Show every line in the entries below where the word "hole" appears.

::: Provided data

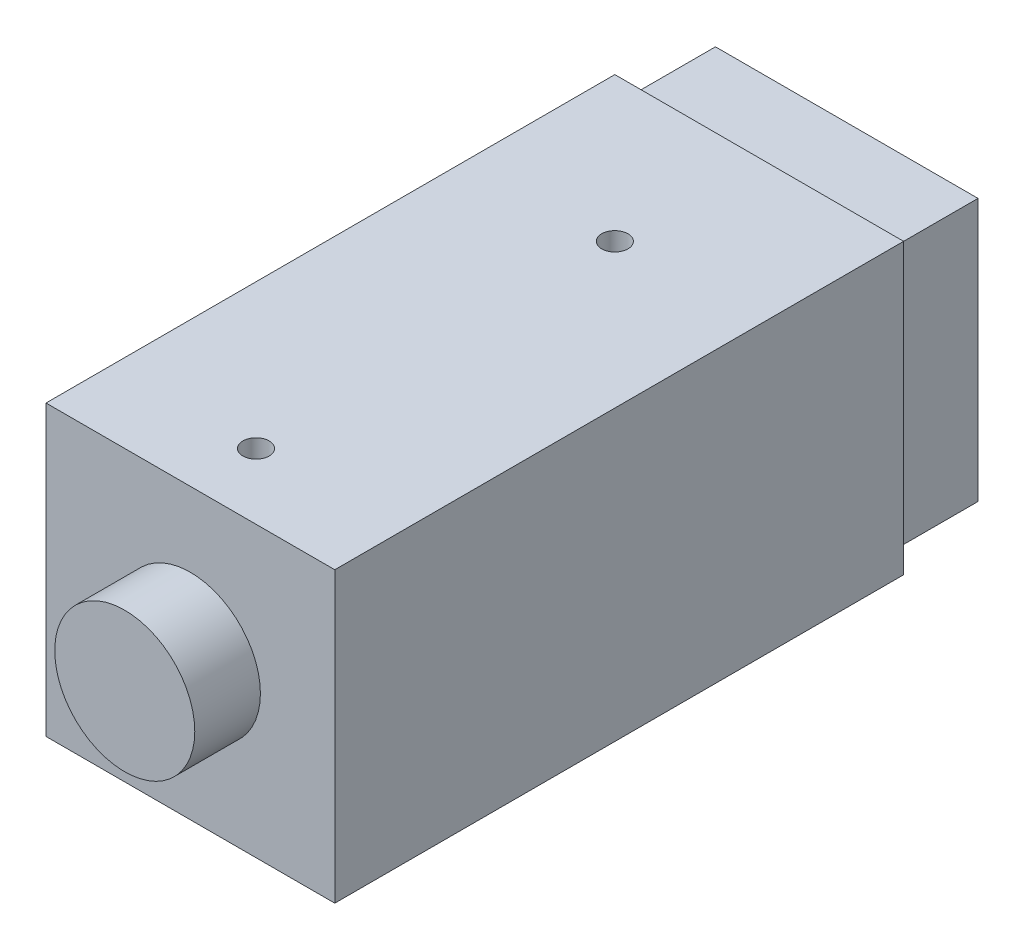
SolidWorks part; units mm, degrees
material "AISI 1020"
ref_plane "Plano frontal" through (0, 0, 0) normal (0, 0, 1) x (1, 0, 0)
ref_plane "Plano superior" through (0, 0, 0) normal (0, 1, 0) x (1, 0, 0)
ref_plane "Plano direito" through (0, 0, 0) normal (1, 0, 0) x (0, 0, -1)
sketch "Esboço1" plane through (0, 0, 0) normal (0, 0, 1) x (1, 0, 0)
  line L1 (-16.5, 16.5) -> (16.5, 16.5)
  line L2 (-16.5, 16.5) -> (-16.5, -16.5)
  line L3 (-16.5, -16.5) -> (16.5, -16.5)
  line L4 (16.5, 16.5) -> (16.5, -16.5)
  line L5 (-16.5, 16.5) -> (16.5, -16.5) construction
  line L6 (-16.5, -16.5) -> (16.5, 16.5) construction
  point P0 (0, 0)
  dimension "D1" = 33
extrude "Ressalto-extrusão1" add sketch "Esboço1" along normal blind 65
sketch "Esboço2" plane through (0, 0, 0) normal (0, 0, -1) x (-1, 0, 0)
  line L1 (-15, 15) -> (15, 15)
  line L2 (-15, 15) -> (-15, -15)
  line L3 (-15, -15) -> (15, -15)
  line L4 (15, 15) -> (15, -15)
  line L5 (-15, 15) -> (15, -15) construction
  line L6 (-15, -15) -> (15, 15) construction
  point P0 (0, 0)
  dimension "D1" = 30
extrude "Ressalto-extrusão2" add sketch "Esboço2" along normal blind 10
sketch "Esboço3" plane through (0, 0, 65) normal (0, 0, 1) x (1, 0, 0)
  circle A0 centre (0, 0) radius 8
  dimension "D1" = 16
extrude "Ressalto-extrusão3" add sketch "Esboço3" along normal blind 7.5
sketch "Esboço4" plane through (0, 16.5, 0) normal (0, 1, 0) x (1, 0, 0)
  line L0 (16.5, 0) -> (-16.5, 0) construction
  line L2 (16.5, -65) -> (-16.5, -65) construction
  circle A0 centre (0, -16.5) radius 1.5
  circle A1 centre (0, -57.5) radius 1.5
  point P6 (0, 0)
  point P9 (0, -65)
  dimension "D1" = 15
  dimension "D2" = 3
  dimension "D3" = 38
extrude "Corte-extrusão1" cut sketch "Esboço4" against normal blind 7.5
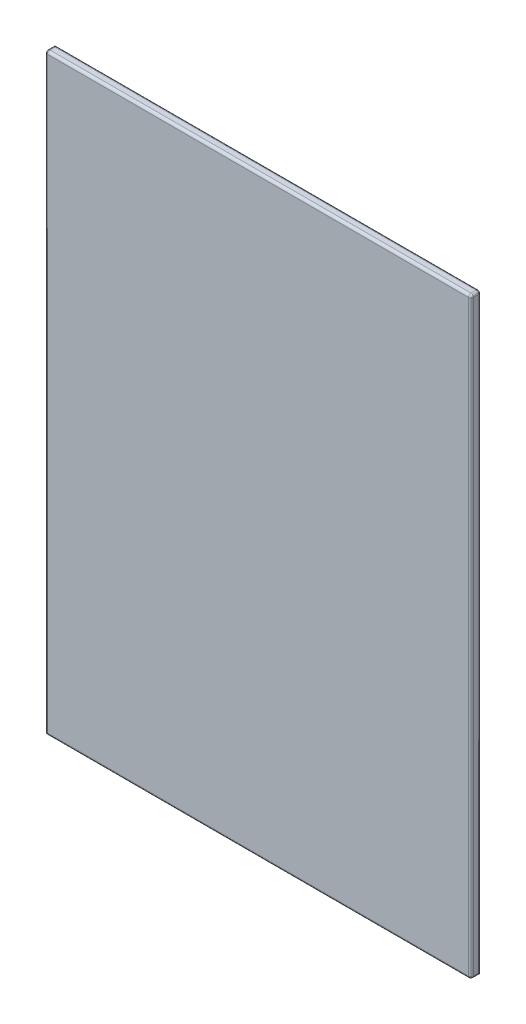
SolidWorks part; units mm, degrees
material "Acrylic (Medium-high impact)"
ref_plane "Front Plane" through (0, 0, 0) normal (0, 0, 1) x (1, 0, 0)
ref_plane "Top Plane" through (0, 0, 0) normal (0, 1, 0) x (1, 0, 0)
ref_plane "Right Plane" through (0, 0, 0) normal (1, 0, 0) x (0, 0, -1)
sketch "Sketch1" plane through (0, 0, 0) normal (0, 0, 1) x (1, 0, 0)
  line L1 (-427.5, 595) -> (427.5, 595)
  line L2 (-427.5, 595) -> (-427.5, -595)
  line L3 (-427.5, -595) -> (427.5, -595)
  line L4 (427.5, 595) -> (427.5, -595)
  line L5 (-427.5, 595) -> (427.5, -595) construction
  line L6 (-427.5, -595) -> (427.5, 595) construction
  point P0 (0, 0)
  dimension "D1" = 855
  dimension "D2" = 1190
extrude "Boss-Extrude1" add sketch "Sketch1" along normal blind 20
fillet "Fillet1" radius 5 9 edges at (427.5, 0, 0) (0, 595, 0) (427.5, 0, 20) (0, 595, 20) (-427.5, 0, 20) (0, -595, 20) (427.5, -595, 10) (-427.5, 595, 10) (427.5, 595, 10)
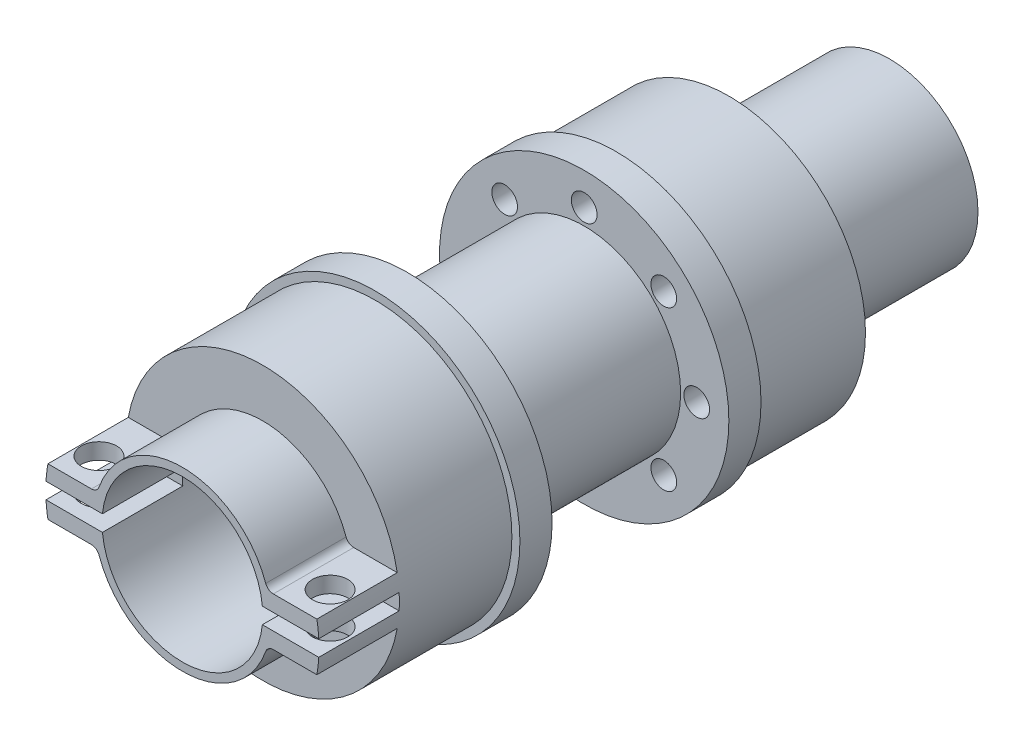
SolidWorks part; units mm, degrees
material "Alliage 1060"
ref_plane "Plan de face" through (0, 0, 0) normal (0, 0, 1) x (1, 0, 0)
ref_plane "Plan de dessus" through (0, 0, 0) normal (0, 1, 0) x (1, 0, 0)
ref_plane "Plan de droite" through (0, 0, 0) normal (1, 0, 0) x (0, 0, -1)
sketch "Esquisse1" plane through (0, 0, 0) normal (0, 0, 1) x (1, 0, 0)
  circle A0 centre (0, 0) radius 4.5
  circle A1 centre (0, 0) radius 5.5
  dimension "D1" = 9
  dimension "D2" = 11
extrude "Boss.-Extru.1" add sketch "Esquisse1" along normal blind 10
sketch "Esquisse3" plane through (0, 0, 10) normal (0, 0, 1) x (1, 0, 0)
  circle A0 centre (0, 0) radius 8.5
  circle A1 centre (0, 0) radius 5
  dimension "D1" = 10
  dimension "D2" = 17
extrude "Boss.-Extru.3" add sketch "Esquisse3" along normal blind 7
sketch "Esquisse4" plane through (0, 0, 17) normal (0, 0, 1) x (1, 0, 0)
  circle A0 centre (0, 0) radius 5
  circle A1 centre (0, 0) radius 9
  dimension "D1" = 10
  dimension "D2" = 18
extrude "Boss.-Extru.4" add sketch "Esquisse4" along normal blind 2
sketch "Esquisse7" plane through (0, 0, 19) normal (0, 0, 1) x (1, 0, 0)
  circle A0 centre (0, 0) radius 5
  circle A1 centre (0, 0) radius 6
  dimension "D1" = 10
  dimension "D2" = 12
extrude "Boss.-Extru.7" add sketch "Esquisse7" along normal blind 11
sketch "Esquisse8" plane through (0, 0, 30) normal (0, 0, 1) x (1, 0, 0)
  circle A0 centre (0, 0) radius 5
  circle A1 centre (0, 0) radius 9
  dimension "D1" = 10
  dimension "D2" = 18
extrude "Boss.-Extru.8" add sketch "Esquisse8" along normal blind 2
sketch "Esquisse15" plane through (0, 0, 32) normal (0, 0, 1) x (1, 0, 0)
  circle A0 centre (0, 0) radius 5
  circle A1 centre (0, 0) radius 8.5
  dimension "D1" = 10
  dimension "D2" = 17
extrude "Boss.-Extru.9" add sketch "Esquisse15" along normal blind 7
sketch "Esquisse16" plane through (0, 0, 39) normal (0, 0, 1) x (1, 0, 0)
  line L0 (-5.2915, 1.5) -> (-8.3666, 1.5)
  line L2 (-8.3666, -1.5) -> (-5.2915, -1.5)
  line L3 (5.2915, 1.5) -> (8.3666, 1.5)
  line L5 (8.3666, -1.5) -> (5.2915, -1.5)
  circle A0 centre (0, 0) radius 5
  arc A1 (5.2915, 1.5) -> (-5.2915, 1.5) centre (0, 0) ccw
  circle A2 centre (0, 0) radius 8.5 construction
  arc A3 (-8.3666, 1.5) -> (-8.3666, -1.5) centre (0, 0) ccw
  arc A4 (-5.2915, -1.5) -> (5.2915, -1.5) centre (0, 0) ccw
  arc A5 (8.3666, -1.5) -> (8.3666, 1.5) centre (0, 0) ccw
  dimension "D1" = 10
  dimension "D2" = 11
  dimension "D3" = 3
  dimension "D4" = 3
  dimension "D5" = 1.5
  dimension "D6" = 1.5
extrude "Boss.-Extru.10" add sketch "Esquisse16" along normal blind 5
hole_wizard "Trou pour taraudage pour trou taraudé M21" positions "Esquisse21" profile "Esquisse22" hole size "M2" standard "ISO" end condition up to next
sketch "Esquisse21" plane through (0, 0, 10) normal (0, 0, -1) x (-1, 0, 0)
  point P0 (-7, 0)
  point P11 (-4.9497, 4.9497)
  point P12 (0, 7)
  point P13 (4.9497, 4.9497)
  point P14 (7, 0)
  point P15 (4.9497, -4.9497)
  point P16 (0, -7)
  point P17 (-4.9497, -4.9497)
  point P18 (0, 0)
  dimension "D1" = 7
  dimension "D2" = 8
sketch "Esquisse22" plane through (7, 0, 10) normal (1, 0, 0) x (0, 1, 0)
  line L0 (0, 0) -> (0, 9)
  line L1 (0, 9) -> (0.8, 9)
  line L2 (0.8, 9) -> (0.8, 0)
  line L5 (0.8, 0) -> (0, 0)
  line L11 (0, -6.35) -> (0, 107.95) construction
  dimension "Diamètre du perçage jusqu'au prochain" = 1.6
  dimension "Profondeur du perçage jusqu'au prochain" = 9
sketch "Esquisse17" plane through (0, 0, 44) normal (0, 0, 1) x (1, 0, 0)
  line L1 (-10, 0.5) -> (10, 0.5)
  line L2 (-10, 0.5) -> (-10, -0.5)
  line L3 (-10, -0.5) -> (10, -0.5)
  line L4 (10, 0.5) -> (10, -0.5)
  dimension "D1" = 1
  dimension "D2" = 0.5
  dimension "D3" = 10
  dimension "D4" = 20
extrude "Enlèv. mat.-Extru.1" cut sketch "Esquisse17" against normal blind 5
hole_wizard "Dégagement M21" positions "Esquisse23" profile "Esquisse25" hole size "M2" standard "ISO"
sketch "Esquisse23" plane through (0, 1.5, 0) normal (0, 1, 0) x (1, 0, 0)
  line L1 (-5.2915, -44) -> (-5.2915, -39) construction
  line L2 (5.2915, -44) -> (5.2915, -39) construction
  line L3 (-5.2915, -44) -> (-8.3666, -44) construction
  line L4 (8.3666, -44) -> (5.2915, -44) construction
  point P0 (7.1915, -42)
  point P2 (-7.1915, -42)
  point P14 (0, 0)
  dimension "D1" = 1.9
  dimension "D2" = 1.9
  dimension "D3" = 2
  dimension "D4" = 2
sketch "Esquisse25" plane through (7.1915, 1.5, 42) normal (1, 0, 0) x (0, 0, 1)
  line L0 (0, 0) -> (0, 3.6599)
  line L1 (0, 3.6599) -> (1.1, 2.999)
  line L2 (1.1, 2.999) -> (1.1, 0)
  line L5 (1.1, 0) -> (0, 0)
  line L10 (0, 3.6599) -> (-1.1, 2.999) construction
  line L11 (0, -6.35) -> (0, 107.95) construction
  dimension "Diamètre du perçage" = 2.2
  dimension "Profondeur du perçage" = 2.999
  dimension "Angle de pointe" = 118
fillet "Congé1" radius 0.5 4 edges at (-5.2915, -1.5, 41.5) (5.2915, -1.5, 41.5) (5.2915, 1.5, 41.5) (-5.2915, 1.5, 41.5)
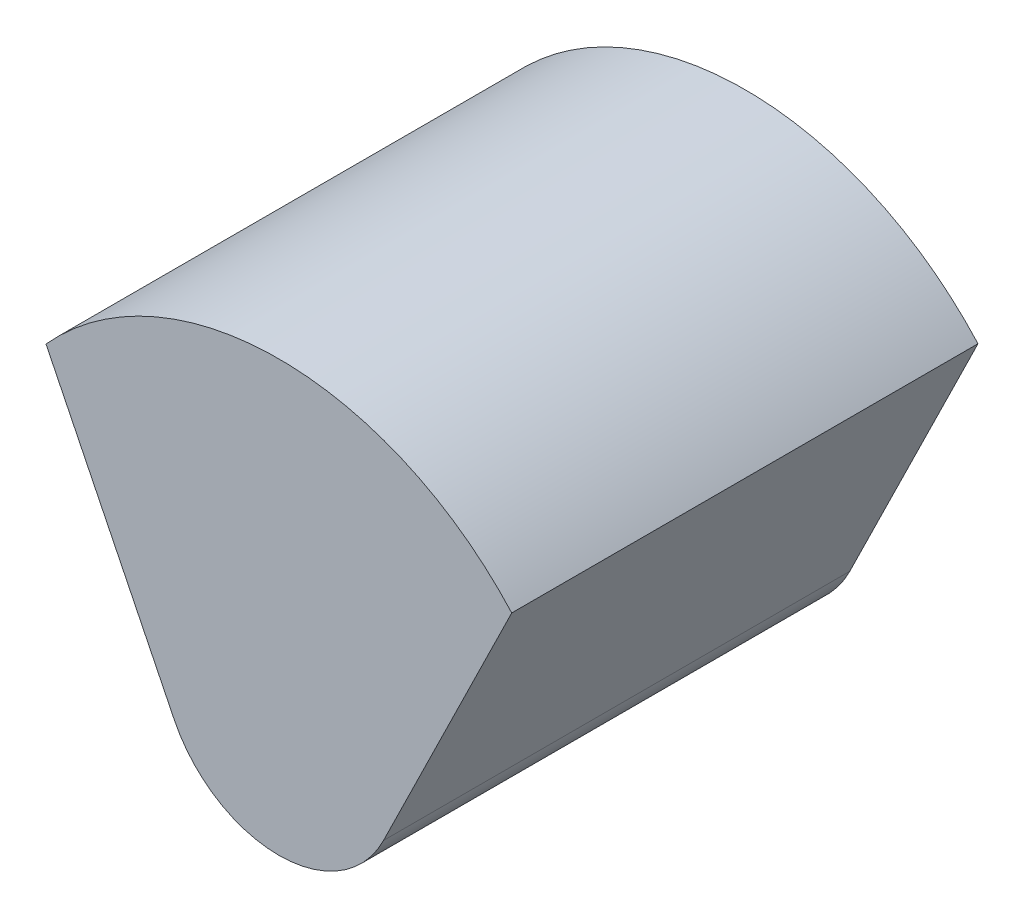
SolidWorks part; units mm, degrees
material "BUTYL"
ref_plane "Plan de face" through (0, 0, 0) normal (0, 0, 1) x (1, 0, 0)
ref_plane "Plan de dessus" through (0, 0, 0) normal (0, 1, 0) x (1, 0, 0)
ref_plane "Plan de droite" through (0, 0, 0) normal (1, 0, 0) x (0, 0, -1)
ref_plane "Plan1" through (0, 0, 6) normal (0, 0, 1) x (1, 0, 0)
sketch "Esquisse1" plane through (0, 0, 6) normal (0, 0, 1) x (1, 0, 0)
  line L0 (-52.3697, 0) -> (54.1422, 0) construction
  line L1 (-24.0095, 17) -> (19.4976, 17) construction
  line L2 (0, -6.3649) -> (0, 23.4455) construction
  line L3 (1.72, 23.4455) -> (1.72, 5.7204) construction
  line L4 (0.8224, 14.7593) -> (-0.2778, 17)
  line L5 (2.6176, 14.7593) -> (3.7178, 17)
  arc A0 (0.8224, 14.7593) -> (2.6176, 14.7593) centre (1.72, 15.2) ccw
  arc A1 (3.7178, 17) -> (-0.2778, 17) centre (1.72, 15.2) ccw
  dimension "D4" = 2
  dimension "D1" = 17
  dimension "D2" = 1.72
  dimension "D3" = 1.8
  dimension "D5" = 52.3
extrude "Boss.-Extru.1" add sketch "Esquisse1" against normal blind 4

::::::

Exercise answer:
hole_wizard "Trou pour taraudage pour trou taraudé M21" positions "Esquisse21" profile "Esquisse22" hole size "M2" standard "ISO" end condition up to next
hole_wizard "Dégagement M21" positions "Esquisse23" profile "Esquisse25" hole size "M2" standard "ISO"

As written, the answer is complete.